Top of Data excerpts
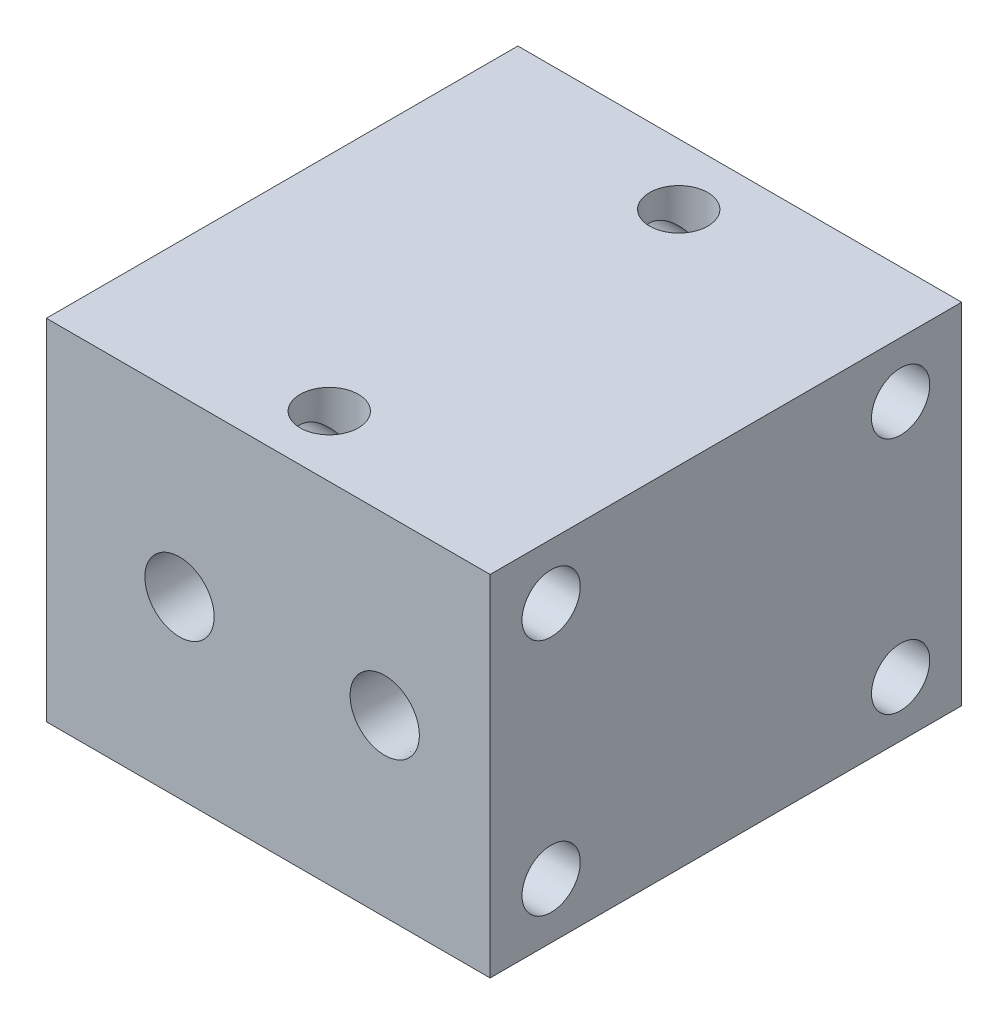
ISO-10303-21;
HEADER;
FILE_DESCRIPTION(('STEP AP214'),'2;1');
FILE_NAME('part.step','',(''),(''),'','','');
FILE_SCHEMA(('AUTOMOTIVE_DESIGN { 1 0 10303 214 1 1 1 1 }'));
ENDSEC;
DATA;
#1=APPLICATION_CONTEXT('core data for automotive mechanical design processes');
#2=APPLICATION_PROTOCOL_DEFINITION('international standard','automotive_design',2000,#1);
#3=PRODUCT_CONTEXT('',#1,'mechanical');
#4=PRODUCT('Part','Part','',(#3));
#5=PRODUCT_RELATED_PRODUCT_CATEGORY('part','',(#4));
#6=PRODUCT_DEFINITION_FORMATION('','',#4);
#7=PRODUCT_DEFINITION_CONTEXT('part definition',#1,'design');
#8=PRODUCT_DEFINITION('design','',#6,#7);
#9=PRODUCT_DEFINITION_SHAPE('','',#8);
#10=(LENGTH_UNIT() NAMED_UNIT(*) SI_UNIT(.MILLI.,.METRE.));
#11=(NAMED_UNIT(*) PLANE_ANGLE_UNIT() SI_UNIT($,.RADIAN.));
#12=(NAMED_UNIT(*) SI_UNIT($,.STERADIAN.) SOLID_ANGLE_UNIT());
#13=UNCERTAINTY_MEASURE_WITH_UNIT(LENGTH_MEASURE(1.E-05),#10,'distance_accuracy_value','');
#14=(GEOMETRIC_REPRESENTATION_CONTEXT(3) GLOBAL_UNCERTAINTY_ASSIGNED_CONTEXT((#13)) GLOBAL_UNIT_ASSIGNED_CONTEXT((#10,
#11,#12)) REPRESENTATION_CONTEXT('',''));
#15=CARTESIAN_POINT('',(0.,0.,0.));
#16=DIRECTION('',(0.,0.,1.));
#17=DIRECTION('',(1.,0.,0.));
#18=AXIS2_PLACEMENT_3D('',#15,#16,#17);
#19=CARTESIAN_POINT('',(0.,63.,31.5));
#20=DIRECTION('',(0.,-1.,0.));
#21=DIRECTION('',(0.,0.,-1.));
#22=AXIS2_PLACEMENT_3D('',#19,#20,#21);
#23=CYLINDRICAL_SURFACE('',#22,5.25);
#24=CARTESIAN_POINT('',(0.,9.99999999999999,31.5));
#25=DIRECTION('',(-0.707106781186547,-0.707106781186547,0.));
#26=DIRECTION('',(0.707106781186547,-0.707106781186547,0.));
#27=AXIS2_PLACEMENT_3D('',#24,#25,#26);
#28=ELLIPSE('',#27,7.42462120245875,5.25);
#29=CARTESIAN_POINT('',(0.,9.99999999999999,26.25));
#30=VERTEX_POINT('',#29);
#31=CARTESIAN_POINT('',(0.,9.99999999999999,36.75));
#32=VERTEX_POINT('',#31);
#33=EDGE_CURVE('E11',#30,#32,#28,.F.);
#34=ORIENTED_EDGE('',*,*,#33,.F.);
#35=CARTESIAN_POINT('',(0.,9.99999999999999,31.5));
#36=DIRECTION('',(0.707106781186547,-0.707106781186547,0.));
#37=DIRECTION('',(-0.707106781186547,-0.707106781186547,0.));
#38=AXIS2_PLACEMENT_3D('',#35,#36,#37);
#39=ELLIPSE('',#38,7.42462120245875,5.25);
#40=EDGE_CURVE('E51',#32,#30,#39,.F.);
#41=ORIENTED_EDGE('',*,*,#40,.F.);
#42=EDGE_LOOP('',(#34,#41));
#43=FACE_BOUND('',#42,.T.);
#44=CARTESIAN_POINT('',(0.,53.,31.5));
#45=DIRECTION('',(-0.707106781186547,-0.707106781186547,0.));
#46=DIRECTION('',(0.707106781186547,-0.707106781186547,0.));
#47=AXIS2_PLACEMENT_3D('',#44,#45,#46);
#48=ELLIPSE('',#47,7.42462120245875,5.25);
#49=CARTESIAN_POINT('',(0.,53.,26.25));
#50=VERTEX_POINT('',#49);
#51=CARTESIAN_POINT('',(0.,53.,36.75));
#52=VERTEX_POINT('',#51);
#53=EDGE_CURVE('E265',#50,#52,#48,.T.);
#54=ORIENTED_EDGE('',*,*,#53,.F.);
#55=CARTESIAN_POINT('',(0.,53.,31.5));
#56=DIRECTION('',(0.707106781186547,-0.707106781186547,0.));
#57=DIRECTION('',(-0.707106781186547,-0.707106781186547,0.));
#58=AXIS2_PLACEMENT_3D('',#55,#56,#57);
#59=ELLIPSE('',#58,7.42462120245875,5.25);
#60=EDGE_CURVE('E263',#52,#50,#59,.T.);
#61=ORIENTED_EDGE('',*,*,#60,.F.);
#62=EDGE_LOOP('',(#54,#61));
#63=FACE_BOUND('',#62,.T.);
#64=ADVANCED_FACE('F35',(#43,#63),#23,.F.);
#65=CARTESIAN_POINT('',(0.,53.,31.5));
#66=DIRECTION('',(-0.707106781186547,-0.707106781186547,0.));
#67=DIRECTION('',(0.707106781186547,-0.707106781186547,0.));
#68=AXIS2_PLACEMENT_3D('',#65,#66,#67);
#69=ELLIPSE('',#68,7.42462120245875,5.25);
#70=EDGE_CURVE('E118',#50,#52,#69,.F.);
#71=ORIENTED_EDGE('',*,*,#70,.F.);
#72=CARTESIAN_POINT('',(0.,53.,31.5));
#73=DIRECTION('',(0.707106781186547,-0.707106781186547,0.));
#74=DIRECTION('',(-0.707106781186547,-0.707106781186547,0.));
#75=AXIS2_PLACEMENT_3D('',#72,#73,#74);
#76=ELLIPSE('',#75,7.42462120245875,5.25);
#77=EDGE_CURVE('E58',#52,#50,#76,.F.);
#78=ORIENTED_EDGE('',*,*,#77,.F.);
#79=EDGE_LOOP('',(#71,#78));
#80=FACE_BOUND('',#79,.T.);
#81=CARTESIAN_POINT('',(0.,63.,31.5));
#82=DIRECTION('',(0.,1.,0.));
#83=DIRECTION('',(0.,0.,1.));
#84=AXIS2_PLACEMENT_3D('',#81,#82,#83);
#85=CIRCLE('',#84,5.25);
#86=CARTESIAN_POINT('',(0.,63.,36.75));
#87=VERTEX_POINT('',#86);
#88=EDGE_CURVE('E199',#87,#87,#85,.T.);
#89=ORIENTED_EDGE('',*,*,#88,.T.);
#90=EDGE_LOOP('',(#89));
#91=FACE_BOUND('',#90,.T.);
#92=ADVANCED_FACE('F320',(#80,#91),#23,.F.);
#93=CARTESIAN_POINT('',(0.,63.,-31.5));
#94=DIRECTION('',(0.,-1.,0.));
#95=DIRECTION('',(0.,0.,-1.));
#96=AXIS2_PLACEMENT_3D('',#93,#94,#95);
#97=CYLINDRICAL_SURFACE('',#96,5.25);
#98=CARTESIAN_POINT('',(0.,9.99999999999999,-31.5));
#99=DIRECTION('',(-0.707106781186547,-0.707106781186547,0.));
#100=DIRECTION('',(0.707106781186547,-0.707106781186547,0.));
#101=AXIS2_PLACEMENT_3D('',#98,#99,#100);
#102=ELLIPSE('',#101,7.42462120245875,5.25);
#103=CARTESIAN_POINT('',(0.,9.99999999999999,-36.75));
#104=VERTEX_POINT('',#103);
#105=CARTESIAN_POINT('',(0.,9.99999999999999,-26.25));
#106=VERTEX_POINT('',#105);
#107=EDGE_CURVE('E259',#104,#106,#102,.F.);
#108=ORIENTED_EDGE('',*,*,#107,.F.);
#109=CARTESIAN_POINT('',(0.,9.99999999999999,-31.5));
#110=DIRECTION('',(0.707106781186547,-0.707106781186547,0.));
#111=DIRECTION('',(-0.707106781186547,-0.707106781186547,0.));
#112=AXIS2_PLACEMENT_3D('',#109,#110,#111);
#113=ELLIPSE('',#112,7.42462120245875,5.25);
#114=EDGE_CURVE('E251',#106,#104,#113,.F.);
#115=ORIENTED_EDGE('',*,*,#114,.F.);
#116=EDGE_LOOP('',(#108,#115));
#117=FACE_BOUND('',#116,.T.);
#118=CARTESIAN_POINT('',(0.,53.,-31.5));
#119=DIRECTION('',(-0.707106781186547,-0.707106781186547,0.));
#120=DIRECTION('',(0.707106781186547,-0.707106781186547,0.));
#121=AXIS2_PLACEMENT_3D('',#118,#119,#120);
#122=ELLIPSE('',#121,7.42462120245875,5.25);
#123=CARTESIAN_POINT('',(0.,53.,-36.75));
#124=VERTEX_POINT('',#123);
#125=CARTESIAN_POINT('',(0.,53.,-26.25));
#126=VERTEX_POINT('',#125);
#127=EDGE_CURVE('E245',#124,#126,#122,.T.);
#128=ORIENTED_EDGE('',*,*,#127,.F.);
#129=CARTESIAN_POINT('',(0.,53.,-31.5));
#130=DIRECTION('',(0.707106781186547,-0.707106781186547,0.));
#131=DIRECTION('',(-0.707106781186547,-0.707106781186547,0.));
#132=AXIS2_PLACEMENT_3D('',#129,#130,#131);
#133=ELLIPSE('',#132,7.42462120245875,5.25);
#134=EDGE_CURVE('E243',#126,#124,#133,.T.);
#135=ORIENTED_EDGE('',*,*,#134,.F.);
#136=EDGE_LOOP('',(#128,#135));
#137=FACE_BOUND('',#136,.T.);
#138=ADVANCED_FACE('F325',(#117,#137),#97,.F.);
#139=CARTESIAN_POINT('',(0.,53.,-31.5));
#140=DIRECTION('',(-0.707106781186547,-0.707106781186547,0.));
#141=DIRECTION('',(0.707106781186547,-0.707106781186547,0.));
#142=AXIS2_PLACEMENT_3D('',#139,#140,#141);
#143=ELLIPSE('',#142,7.42462120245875,5.25);
#144=EDGE_CURVE('E248',#124,#126,#143,.F.);
#145=ORIENTED_EDGE('',*,*,#144,.F.);
#146=CARTESIAN_POINT('',(0.,53.,-31.5));
#147=DIRECTION('',(0.707106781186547,-0.707106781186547,0.));
#148=DIRECTION('',(-0.707106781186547,-0.707106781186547,0.));
#149=AXIS2_PLACEMENT_3D('',#146,#147,#148);
#150=ELLIPSE('',#149,7.42462120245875,5.25);
#151=EDGE_CURVE('E240',#126,#124,#150,.F.);
#152=ORIENTED_EDGE('',*,*,#151,.F.);
#153=EDGE_LOOP('',(#145,#152));
#154=FACE_BOUND('',#153,.T.);
#155=CARTESIAN_POINT('',(0.,63.,-31.5));
#156=DIRECTION('',(0.,1.,0.));
#157=DIRECTION('',(0.,0.,1.));
#158=AXIS2_PLACEMENT_3D('',#155,#156,#157);
#159=CIRCLE('',#158,5.25);
#160=CARTESIAN_POINT('',(0.,63.,-26.25));
#161=VERTEX_POINT('',#160);
#162=EDGE_CURVE('E205',#161,#161,#159,.T.);
#163=ORIENTED_EDGE('',*,*,#162,.T.);
#164=EDGE_LOOP('',(#163));
#165=FACE_BOUND('',#164,.T.);
#166=ADVANCED_FACE('F338',(#154,#165),#97,.F.);
#167=CARTESIAN_POINT('',(-40.,63.,42.5));
#168=DIRECTION('',(0.,1.,0.));
#169=DIRECTION('',(0.,0.,1.));
#170=AXIS2_PLACEMENT_3D('',#167,#168,#169);
#171=PLANE('',#170);
#172=ORIENTED_EDGE('',*,*,#162,.F.);
#173=EDGE_LOOP('',(#172));
#174=FACE_BOUND('',#173,.T.);
#175=DIRECTION('',(0.,0.,1.));
#176=VECTOR('',#175,1.);
#177=CARTESIAN_POINT('',(-40.,63.,-42.5));
#178=LINE('',#177,#176);
#179=CARTESIAN_POINT('',(-40.,63.,-42.5));
#180=VERTEX_POINT('',#179);
#181=CARTESIAN_POINT('',(-40.,63.,42.5));
#182=VERTEX_POINT('',#181);
#183=EDGE_CURVE('E211',#180,#182,#178,.T.);
#184=ORIENTED_EDGE('',*,*,#183,.T.);
#185=DIRECTION('',(1.,0.,0.));
#186=VECTOR('',#185,1.);
#187=CARTESIAN_POINT('',(-40.,63.,42.5));
#188=LINE('',#187,#186);
#189=CARTESIAN_POINT('',(40.,63.,42.5));
#190=VERTEX_POINT('',#189);
#191=EDGE_CURVE('E214',#182,#190,#188,.T.);
#192=ORIENTED_EDGE('',*,*,#191,.T.);
#193=DIRECTION('',(0.,0.,-1.));
#194=VECTOR('',#193,1.);
#195=CARTESIAN_POINT('',(40.,63.,-42.5));
#196=LINE('',#195,#194);
#197=CARTESIAN_POINT('',(40.,63.,-42.5));
#198=VERTEX_POINT('',#197);
#199=EDGE_CURVE('E217',#190,#198,#196,.T.);
#200=ORIENTED_EDGE('',*,*,#199,.T.);
#201=DIRECTION('',(-1.,0.,0.));
#202=VECTOR('',#201,1.);
#203=CARTESIAN_POINT('',(-40.,63.,-42.5));
#204=LINE('',#203,#202);
#205=EDGE_CURVE('E219',#198,#180,#204,.T.);
#206=ORIENTED_EDGE('',*,*,#205,.T.);
#207=EDGE_LOOP('',(#184,#192,#200,#206));
#208=FACE_BOUND('',#207,.T.);
#209=ORIENTED_EDGE('',*,*,#88,.F.);
#210=EDGE_LOOP('',(#209));
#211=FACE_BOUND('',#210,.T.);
Bottom of Data excerpts
Among the entries above, the lines between the ones containing "#43=FACE_BOUND('',#42,.T.);" and "#68=AXIS2_PLACEMENT_3D('',#65,#66,#67);", inclusive, are to be transcribed exactly. No other line is to be given.

Task result.
#43=FACE_BOUND('',#42,.T.);
#44=CARTESIAN_POINT('',(0.,53.,31.5));
#45=DIRECTION('',(-0.707106781186547,-0.707106781186547,0.));
#46=DIRECTION('',(0.707106781186547,-0.707106781186547,0.));
#47=AXIS2_PLACEMENT_3D('',#44,#45,#46);
#48=ELLIPSE('',#47,7.42462120245875,5.25);
#49=CARTESIAN_POINT('',(0.,53.,26.25));
#50=VERTEX_POINT('',#49);
#51=CARTESIAN_POINT('',(0.,53.,36.75));
#52=VERTEX_POINT('',#51);
#53=EDGE_CURVE('E265',#50,#52,#48,.T.);
#54=ORIENTED_EDGE('',*,*,#53,.F.);
#55=CARTESIAN_POINT('',(0.,53.,31.5));
#56=DIRECTION('',(0.707106781186547,-0.707106781186547,0.));
#57=DIRECTION('',(-0.707106781186547,-0.707106781186547,0.));
#58=AXIS2_PLACEMENT_3D('',#55,#56,#57);
#59=ELLIPSE('',#58,7.42462120245875,5.25);
#60=EDGE_CURVE('E263',#52,#50,#59,.T.);
#61=ORIENTED_EDGE('',*,*,#60,.F.);
#62=EDGE_LOOP('',(#54,#61));
#63=FACE_BOUND('',#62,.T.);
#64=ADVANCED_FACE('F35',(#43,#63),#23,.F.);
#65=CARTESIAN_POINT('',(0.,53.,31.5));
#66=DIRECTION('',(-0.707106781186547,-0.707106781186547,0.));
#67=DIRECTION('',(0.707106781186547,-0.707106781186547,0.));
#68=AXIS2_PLACEMENT_3D('',#65,#66,#67);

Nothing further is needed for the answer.